I’m looking for a full listing of all major and minor versions, including comments that have been appended to each version.
We have the Author (I saw that parameter listed above), and I assume this is capturing who the last editor was.
thanks again,
March 9th, 2012 - 08:04
To get the versions you’ll have to loop through the Versions property. Look up SPListItemVersion to see what members are available with that object.
March 14th, 2012 - 07:03
Hi,
To start off with I like your site and have made use of some of the information with great success.
My question is, is it possible to find out who and when a file in a Document Library has been accessed (read only) if Auditing isn’t turned on. i.e. is there a property that logs the history of a file, like what you get from auditing, even though auditing is not turned on.
Regards,
Chris
March 19th, 2012 - 10:01
There’s no way out of the box to do that. You’d have to create a custom handler for the specific document type (like I did with the PDF handler on one of my recent posts) and log the information that way.
March 23rd, 2012 - 12:17
This is nice. So I’m wondering how we could modify this so we can download the document to a file share. I have a requirement to copy a boatload of documents to a filesystem. I guess I’ll check the SPListItem class and see if there is a download method.
March 31st, 2012 - 20:03
There’s an OpenBinary() method on the SPFile object. Just use that in conjunction with the [System.IO.File]::WriteAllBytes() method.
March 29th, 2012 - 07:13
Gary, this is an excellent script thank you!
Could it be modified to find unpublished documents in a farm?
March 31st, 2012 - 20:01
Yeah, definitely could – just a matter of checking the moderation status. The Get-SPCheckedOutFiles cmdlet could also be useful.
April 6th, 2012 - 09:44
I’m going to show my ignorance here, but whats the moderation status?
I tried googling the term in assication to SP2010 files but noting really came up appart from normal approval status.
May 15th, 2012 - 20:16
It’s the approval status – moderation status is how the API refers to it.
April 24th, 2012 - 03:22
Hi Gary,
After executing these below command I am getting below error . I am using SharePoint 2010 Management shell . I would require all the available file name along with their size in a SharePoint Site Collection .Could you please help me on this .
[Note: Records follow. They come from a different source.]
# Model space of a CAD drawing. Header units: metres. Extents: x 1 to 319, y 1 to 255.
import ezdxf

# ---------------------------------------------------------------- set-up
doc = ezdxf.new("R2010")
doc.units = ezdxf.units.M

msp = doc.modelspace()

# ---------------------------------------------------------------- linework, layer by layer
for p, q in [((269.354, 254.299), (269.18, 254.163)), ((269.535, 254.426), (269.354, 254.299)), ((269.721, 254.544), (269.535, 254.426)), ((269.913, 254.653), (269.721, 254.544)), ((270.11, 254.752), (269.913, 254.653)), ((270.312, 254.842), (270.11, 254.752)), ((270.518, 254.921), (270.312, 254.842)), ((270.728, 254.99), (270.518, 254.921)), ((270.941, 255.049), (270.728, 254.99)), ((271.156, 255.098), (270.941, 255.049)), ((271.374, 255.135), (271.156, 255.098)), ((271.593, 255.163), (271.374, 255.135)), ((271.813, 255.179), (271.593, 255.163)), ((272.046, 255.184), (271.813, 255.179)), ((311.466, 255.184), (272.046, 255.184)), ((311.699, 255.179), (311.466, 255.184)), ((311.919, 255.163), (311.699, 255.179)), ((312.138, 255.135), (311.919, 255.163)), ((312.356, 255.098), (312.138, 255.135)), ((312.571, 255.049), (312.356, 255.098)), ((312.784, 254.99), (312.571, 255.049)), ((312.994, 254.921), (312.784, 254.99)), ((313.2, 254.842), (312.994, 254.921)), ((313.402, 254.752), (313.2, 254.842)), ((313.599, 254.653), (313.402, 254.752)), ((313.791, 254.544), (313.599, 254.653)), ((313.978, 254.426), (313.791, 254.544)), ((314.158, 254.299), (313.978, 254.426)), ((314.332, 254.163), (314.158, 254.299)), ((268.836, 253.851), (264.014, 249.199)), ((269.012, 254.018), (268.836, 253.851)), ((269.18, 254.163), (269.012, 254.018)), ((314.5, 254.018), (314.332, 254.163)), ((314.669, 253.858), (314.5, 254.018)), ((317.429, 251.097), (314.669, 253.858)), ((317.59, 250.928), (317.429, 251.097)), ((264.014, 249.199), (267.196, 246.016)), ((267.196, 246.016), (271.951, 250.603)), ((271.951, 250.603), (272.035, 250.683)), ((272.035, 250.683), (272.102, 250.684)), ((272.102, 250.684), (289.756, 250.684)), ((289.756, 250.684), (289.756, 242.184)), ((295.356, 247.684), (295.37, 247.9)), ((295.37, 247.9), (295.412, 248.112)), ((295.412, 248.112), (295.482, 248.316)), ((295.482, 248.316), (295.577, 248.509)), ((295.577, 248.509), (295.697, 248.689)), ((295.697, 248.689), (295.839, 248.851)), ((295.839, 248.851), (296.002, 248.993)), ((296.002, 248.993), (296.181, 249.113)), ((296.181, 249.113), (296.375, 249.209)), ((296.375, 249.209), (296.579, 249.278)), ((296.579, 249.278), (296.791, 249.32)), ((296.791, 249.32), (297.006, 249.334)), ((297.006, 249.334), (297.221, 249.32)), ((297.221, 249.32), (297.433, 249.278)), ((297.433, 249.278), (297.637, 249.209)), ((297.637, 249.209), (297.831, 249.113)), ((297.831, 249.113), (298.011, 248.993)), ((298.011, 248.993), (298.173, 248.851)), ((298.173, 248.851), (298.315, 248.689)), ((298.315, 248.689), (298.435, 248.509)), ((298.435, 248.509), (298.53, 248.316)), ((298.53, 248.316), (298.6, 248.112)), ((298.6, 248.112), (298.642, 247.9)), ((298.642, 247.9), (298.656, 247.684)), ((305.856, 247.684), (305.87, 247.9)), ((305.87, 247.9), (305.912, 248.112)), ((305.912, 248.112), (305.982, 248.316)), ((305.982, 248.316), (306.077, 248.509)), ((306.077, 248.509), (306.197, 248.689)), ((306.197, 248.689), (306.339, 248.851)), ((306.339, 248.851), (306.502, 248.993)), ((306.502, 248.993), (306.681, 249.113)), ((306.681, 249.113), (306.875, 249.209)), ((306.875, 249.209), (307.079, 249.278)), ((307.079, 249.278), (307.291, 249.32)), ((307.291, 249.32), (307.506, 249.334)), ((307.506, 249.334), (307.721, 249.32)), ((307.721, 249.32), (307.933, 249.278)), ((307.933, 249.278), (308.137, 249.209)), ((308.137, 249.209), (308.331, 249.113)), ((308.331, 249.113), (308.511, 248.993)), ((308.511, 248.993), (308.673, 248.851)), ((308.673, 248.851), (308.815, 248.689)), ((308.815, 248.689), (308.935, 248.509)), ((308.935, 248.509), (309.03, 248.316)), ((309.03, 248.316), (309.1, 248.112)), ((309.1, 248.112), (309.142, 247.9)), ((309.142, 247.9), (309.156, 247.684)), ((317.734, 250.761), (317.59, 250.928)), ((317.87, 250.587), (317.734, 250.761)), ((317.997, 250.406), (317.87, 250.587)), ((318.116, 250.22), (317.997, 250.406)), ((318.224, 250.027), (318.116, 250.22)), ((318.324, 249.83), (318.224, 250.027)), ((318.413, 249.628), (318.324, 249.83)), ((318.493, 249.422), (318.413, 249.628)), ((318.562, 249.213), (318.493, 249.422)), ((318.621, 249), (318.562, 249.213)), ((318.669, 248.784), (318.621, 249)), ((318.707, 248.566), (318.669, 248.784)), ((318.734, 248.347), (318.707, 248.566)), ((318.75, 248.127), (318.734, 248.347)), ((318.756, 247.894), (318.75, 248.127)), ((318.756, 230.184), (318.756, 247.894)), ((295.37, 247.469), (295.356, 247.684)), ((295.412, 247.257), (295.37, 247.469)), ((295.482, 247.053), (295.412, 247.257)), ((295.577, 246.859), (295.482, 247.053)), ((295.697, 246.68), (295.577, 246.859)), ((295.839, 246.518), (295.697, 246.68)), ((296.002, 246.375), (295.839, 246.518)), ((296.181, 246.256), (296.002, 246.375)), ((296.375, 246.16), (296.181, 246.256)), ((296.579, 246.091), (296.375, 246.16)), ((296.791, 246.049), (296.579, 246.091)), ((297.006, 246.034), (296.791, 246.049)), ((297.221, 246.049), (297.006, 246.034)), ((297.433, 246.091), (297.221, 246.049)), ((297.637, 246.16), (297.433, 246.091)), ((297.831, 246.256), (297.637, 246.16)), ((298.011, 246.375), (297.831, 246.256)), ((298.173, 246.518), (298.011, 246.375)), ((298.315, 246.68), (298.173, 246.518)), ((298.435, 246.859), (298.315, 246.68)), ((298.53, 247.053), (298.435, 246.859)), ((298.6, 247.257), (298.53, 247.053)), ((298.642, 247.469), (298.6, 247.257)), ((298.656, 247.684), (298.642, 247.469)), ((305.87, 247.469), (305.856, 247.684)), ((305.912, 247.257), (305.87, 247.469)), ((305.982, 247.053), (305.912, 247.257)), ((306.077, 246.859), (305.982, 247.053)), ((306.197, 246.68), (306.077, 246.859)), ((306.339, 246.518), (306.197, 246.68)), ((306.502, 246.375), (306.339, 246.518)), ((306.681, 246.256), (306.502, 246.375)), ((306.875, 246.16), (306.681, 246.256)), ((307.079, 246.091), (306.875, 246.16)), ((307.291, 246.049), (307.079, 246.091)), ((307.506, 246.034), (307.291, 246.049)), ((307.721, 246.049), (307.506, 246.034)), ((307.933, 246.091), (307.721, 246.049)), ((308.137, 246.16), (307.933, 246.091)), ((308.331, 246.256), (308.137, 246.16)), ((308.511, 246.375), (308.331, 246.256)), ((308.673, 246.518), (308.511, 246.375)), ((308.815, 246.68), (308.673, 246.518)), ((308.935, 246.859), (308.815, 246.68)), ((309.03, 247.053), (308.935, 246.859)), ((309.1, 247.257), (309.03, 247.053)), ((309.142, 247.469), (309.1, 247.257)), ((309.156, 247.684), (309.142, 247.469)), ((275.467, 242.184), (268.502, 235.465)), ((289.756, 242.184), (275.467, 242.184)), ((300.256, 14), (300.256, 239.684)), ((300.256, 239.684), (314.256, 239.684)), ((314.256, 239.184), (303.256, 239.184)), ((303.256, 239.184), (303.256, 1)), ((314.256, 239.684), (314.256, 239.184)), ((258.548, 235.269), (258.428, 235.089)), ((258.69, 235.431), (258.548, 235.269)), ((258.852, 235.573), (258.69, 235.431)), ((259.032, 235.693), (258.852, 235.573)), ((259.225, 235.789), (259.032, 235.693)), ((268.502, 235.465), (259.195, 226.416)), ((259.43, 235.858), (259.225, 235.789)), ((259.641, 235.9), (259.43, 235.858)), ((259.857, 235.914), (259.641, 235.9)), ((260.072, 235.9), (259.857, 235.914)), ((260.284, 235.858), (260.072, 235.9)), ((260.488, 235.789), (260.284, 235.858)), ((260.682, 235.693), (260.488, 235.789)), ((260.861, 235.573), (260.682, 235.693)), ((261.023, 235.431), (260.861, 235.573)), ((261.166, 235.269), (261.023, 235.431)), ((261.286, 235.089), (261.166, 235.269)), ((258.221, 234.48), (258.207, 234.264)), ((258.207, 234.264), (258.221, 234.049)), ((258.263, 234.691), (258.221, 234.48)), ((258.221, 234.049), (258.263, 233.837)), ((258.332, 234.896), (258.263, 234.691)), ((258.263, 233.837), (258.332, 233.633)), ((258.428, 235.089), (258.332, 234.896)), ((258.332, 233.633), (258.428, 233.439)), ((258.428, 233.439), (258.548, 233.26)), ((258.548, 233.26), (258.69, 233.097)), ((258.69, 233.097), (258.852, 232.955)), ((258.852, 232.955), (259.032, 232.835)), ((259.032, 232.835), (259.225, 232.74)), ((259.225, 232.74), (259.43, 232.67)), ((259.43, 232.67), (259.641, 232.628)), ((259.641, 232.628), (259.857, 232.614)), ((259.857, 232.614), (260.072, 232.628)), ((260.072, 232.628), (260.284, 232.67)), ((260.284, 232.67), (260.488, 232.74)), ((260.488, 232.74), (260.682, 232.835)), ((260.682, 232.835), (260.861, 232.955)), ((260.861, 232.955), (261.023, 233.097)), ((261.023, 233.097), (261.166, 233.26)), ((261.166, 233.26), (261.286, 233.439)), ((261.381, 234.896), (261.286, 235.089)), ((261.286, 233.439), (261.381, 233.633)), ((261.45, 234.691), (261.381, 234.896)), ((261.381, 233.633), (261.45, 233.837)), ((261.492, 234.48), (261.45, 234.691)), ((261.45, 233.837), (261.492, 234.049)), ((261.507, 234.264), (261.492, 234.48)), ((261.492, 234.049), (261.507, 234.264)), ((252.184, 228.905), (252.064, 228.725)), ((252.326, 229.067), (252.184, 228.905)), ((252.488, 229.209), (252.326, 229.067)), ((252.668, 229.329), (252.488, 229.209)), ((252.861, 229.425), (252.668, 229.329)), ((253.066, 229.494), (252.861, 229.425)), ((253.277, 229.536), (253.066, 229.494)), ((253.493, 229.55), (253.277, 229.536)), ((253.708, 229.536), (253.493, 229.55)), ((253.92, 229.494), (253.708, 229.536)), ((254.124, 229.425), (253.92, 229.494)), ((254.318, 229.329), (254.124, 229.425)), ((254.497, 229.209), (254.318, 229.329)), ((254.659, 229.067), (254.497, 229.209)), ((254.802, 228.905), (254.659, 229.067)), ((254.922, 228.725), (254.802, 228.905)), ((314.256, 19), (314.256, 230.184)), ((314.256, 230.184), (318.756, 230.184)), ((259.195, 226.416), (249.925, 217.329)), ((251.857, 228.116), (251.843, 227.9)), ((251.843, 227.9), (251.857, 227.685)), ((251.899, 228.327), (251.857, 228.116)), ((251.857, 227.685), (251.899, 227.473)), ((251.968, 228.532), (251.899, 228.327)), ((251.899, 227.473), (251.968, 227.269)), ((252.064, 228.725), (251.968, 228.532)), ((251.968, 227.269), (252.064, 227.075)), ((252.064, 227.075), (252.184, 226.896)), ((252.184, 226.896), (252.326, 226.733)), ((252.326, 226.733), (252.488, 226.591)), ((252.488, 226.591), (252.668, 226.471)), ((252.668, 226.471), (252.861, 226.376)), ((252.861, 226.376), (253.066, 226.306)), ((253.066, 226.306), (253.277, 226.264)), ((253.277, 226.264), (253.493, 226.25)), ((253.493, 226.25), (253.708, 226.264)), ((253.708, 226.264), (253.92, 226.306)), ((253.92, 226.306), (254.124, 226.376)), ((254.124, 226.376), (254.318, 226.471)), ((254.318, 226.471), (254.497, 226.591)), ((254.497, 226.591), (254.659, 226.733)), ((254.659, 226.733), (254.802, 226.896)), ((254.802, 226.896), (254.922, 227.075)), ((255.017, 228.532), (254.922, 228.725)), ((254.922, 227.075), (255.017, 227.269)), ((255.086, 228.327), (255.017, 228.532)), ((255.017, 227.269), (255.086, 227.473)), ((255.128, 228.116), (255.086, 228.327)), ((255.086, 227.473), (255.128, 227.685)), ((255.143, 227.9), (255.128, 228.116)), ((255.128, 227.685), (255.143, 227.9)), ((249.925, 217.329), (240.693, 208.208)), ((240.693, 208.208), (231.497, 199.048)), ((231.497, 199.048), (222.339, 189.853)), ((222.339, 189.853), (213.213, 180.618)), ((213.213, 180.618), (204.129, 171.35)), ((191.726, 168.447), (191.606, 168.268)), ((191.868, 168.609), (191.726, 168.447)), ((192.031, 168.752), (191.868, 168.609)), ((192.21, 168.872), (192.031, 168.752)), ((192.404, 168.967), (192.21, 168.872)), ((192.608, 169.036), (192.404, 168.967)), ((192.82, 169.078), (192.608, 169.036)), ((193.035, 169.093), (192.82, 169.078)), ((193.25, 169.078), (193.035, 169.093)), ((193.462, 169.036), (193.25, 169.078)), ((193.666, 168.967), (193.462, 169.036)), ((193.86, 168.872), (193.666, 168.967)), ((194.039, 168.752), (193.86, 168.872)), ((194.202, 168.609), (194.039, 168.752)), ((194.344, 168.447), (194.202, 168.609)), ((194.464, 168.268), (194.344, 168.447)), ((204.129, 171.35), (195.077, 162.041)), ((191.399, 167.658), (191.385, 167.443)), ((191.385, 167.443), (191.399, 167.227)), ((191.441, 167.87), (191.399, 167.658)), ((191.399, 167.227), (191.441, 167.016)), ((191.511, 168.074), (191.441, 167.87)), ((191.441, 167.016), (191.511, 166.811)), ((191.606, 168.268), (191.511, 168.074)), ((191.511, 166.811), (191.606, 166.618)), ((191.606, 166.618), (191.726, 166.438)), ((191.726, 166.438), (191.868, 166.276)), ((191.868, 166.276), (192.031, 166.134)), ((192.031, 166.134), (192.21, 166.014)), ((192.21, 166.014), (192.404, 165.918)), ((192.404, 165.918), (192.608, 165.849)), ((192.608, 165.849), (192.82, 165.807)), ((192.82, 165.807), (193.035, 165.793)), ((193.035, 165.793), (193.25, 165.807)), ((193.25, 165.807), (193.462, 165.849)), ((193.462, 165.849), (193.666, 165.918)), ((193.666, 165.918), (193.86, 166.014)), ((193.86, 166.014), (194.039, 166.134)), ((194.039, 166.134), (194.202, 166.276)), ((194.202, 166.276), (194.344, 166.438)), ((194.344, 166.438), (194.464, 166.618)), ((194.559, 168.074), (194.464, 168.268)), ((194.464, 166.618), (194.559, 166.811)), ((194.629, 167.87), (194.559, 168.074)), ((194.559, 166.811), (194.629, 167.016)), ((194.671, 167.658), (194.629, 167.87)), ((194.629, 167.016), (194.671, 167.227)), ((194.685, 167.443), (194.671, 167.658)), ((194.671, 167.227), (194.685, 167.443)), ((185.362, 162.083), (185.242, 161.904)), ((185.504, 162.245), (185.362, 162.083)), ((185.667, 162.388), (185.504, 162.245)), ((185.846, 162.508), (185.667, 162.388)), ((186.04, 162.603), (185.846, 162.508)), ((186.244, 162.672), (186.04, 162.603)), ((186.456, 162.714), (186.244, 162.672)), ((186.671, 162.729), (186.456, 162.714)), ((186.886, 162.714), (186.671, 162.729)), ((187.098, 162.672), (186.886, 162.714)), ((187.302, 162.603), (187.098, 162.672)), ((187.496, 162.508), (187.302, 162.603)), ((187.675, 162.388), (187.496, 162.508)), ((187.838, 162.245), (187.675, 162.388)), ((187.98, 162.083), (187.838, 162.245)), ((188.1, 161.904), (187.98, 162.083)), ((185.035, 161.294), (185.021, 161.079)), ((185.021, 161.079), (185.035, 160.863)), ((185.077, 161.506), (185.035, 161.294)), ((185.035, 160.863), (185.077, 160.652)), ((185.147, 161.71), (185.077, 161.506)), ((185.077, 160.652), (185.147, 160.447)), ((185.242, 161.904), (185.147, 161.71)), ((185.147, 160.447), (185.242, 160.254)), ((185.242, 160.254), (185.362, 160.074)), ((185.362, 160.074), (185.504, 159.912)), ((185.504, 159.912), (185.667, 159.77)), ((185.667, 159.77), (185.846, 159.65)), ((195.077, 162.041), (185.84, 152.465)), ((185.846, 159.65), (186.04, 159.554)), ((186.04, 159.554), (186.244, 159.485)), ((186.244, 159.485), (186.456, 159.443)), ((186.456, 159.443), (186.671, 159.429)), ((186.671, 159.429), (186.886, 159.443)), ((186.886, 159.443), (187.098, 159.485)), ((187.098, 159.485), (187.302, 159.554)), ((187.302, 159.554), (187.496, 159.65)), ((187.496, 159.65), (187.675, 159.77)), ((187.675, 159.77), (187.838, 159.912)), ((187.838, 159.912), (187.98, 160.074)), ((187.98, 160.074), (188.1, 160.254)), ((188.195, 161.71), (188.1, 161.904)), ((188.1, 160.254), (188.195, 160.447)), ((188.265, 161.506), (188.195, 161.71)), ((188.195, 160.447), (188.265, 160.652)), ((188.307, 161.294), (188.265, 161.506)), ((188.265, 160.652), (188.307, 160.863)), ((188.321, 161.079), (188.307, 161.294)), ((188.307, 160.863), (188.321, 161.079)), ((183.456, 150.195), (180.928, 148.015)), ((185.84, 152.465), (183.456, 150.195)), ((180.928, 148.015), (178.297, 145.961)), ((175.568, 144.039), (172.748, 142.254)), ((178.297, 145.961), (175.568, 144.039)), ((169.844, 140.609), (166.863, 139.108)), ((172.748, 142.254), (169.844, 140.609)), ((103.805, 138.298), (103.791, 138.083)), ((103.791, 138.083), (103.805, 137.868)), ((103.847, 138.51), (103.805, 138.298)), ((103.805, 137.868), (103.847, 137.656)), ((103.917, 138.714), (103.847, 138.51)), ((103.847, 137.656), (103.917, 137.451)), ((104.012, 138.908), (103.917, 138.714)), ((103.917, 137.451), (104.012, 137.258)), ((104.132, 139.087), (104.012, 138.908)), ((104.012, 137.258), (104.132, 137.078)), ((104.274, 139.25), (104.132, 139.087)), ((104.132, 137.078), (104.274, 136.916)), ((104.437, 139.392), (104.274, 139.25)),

Add-PsSnapin Microsoft.Sharepoint.Powershell
function Get-DocumentInventory([string]$siteUrl) {
$site = New-Object Microsoft.SharePoint.SPSite $siteUrl
Get-DocInventory “http://sharepoint.share.com” | Out-GridView
foreach ($web in $site.AllWebs) {
foreach ($list in $web.Lists) {
if ($list.BaseType -ne “DocumentLibrary”) {
continue
}
foreach ($item in $list.Items) {
$data = @{
“Web Application” = $webApp.ToString()
“Item Modified” = $item["Modified"]
“Item Created” = $item["Created"]
“File Size” = $item.File.Length/1KB
“Web” = $web.Url
“Site” = $site.Url
“Item URL” = $item.Url
}
New-Object PSObject -Property $data
}
}
$web.Dispose();
}
$site.Dispose()
}
Get-DocInventory | Out-GridView
Get-DocInventory | Export-Csv -NoTypeInformation -Path c:\Report Docs.csv
The term ‘Get-DocInventory’ is not recognized as the name of a cmdlet, function, script file, or operabl
e program. Check the spelling of the name, or if a path was included, verify that the path is correct an
d try again.
At C:\Temp\report.ps1:28 char:17
+ Get-DocInventory <<<< | Out-GridView
+ CategoryInfo : ObjectNotFound: (Get-DocInventory:String) [], CommandNotFoundException
+ FullyQualifiedErrorId : CommandNotFoundException
The term 'Get-DocInventory' is not recognized as the name of a cmdlet, function, script file, or operabl
e program. Check the spelling of the name, or if a path was included, verify that the path is correct an
d try again.
At C:\Temp\report.ps1:29 char:17
+ Get-DocInventory <<<< | Export-Csv -NoTypeInformation -Path c:\Report Docs.csv
+ CategoryInfo : ObjectNotFound: (Get-DocInventory:String) [], CommandNotFoundException
+ FullyQualifiedErrorId : CommandNotFoundException
May 15th, 2012 - 20:12
You changed the function name from Get-DocInventory to Get-DocumentInventory but you didn’t change how you’re calling the function.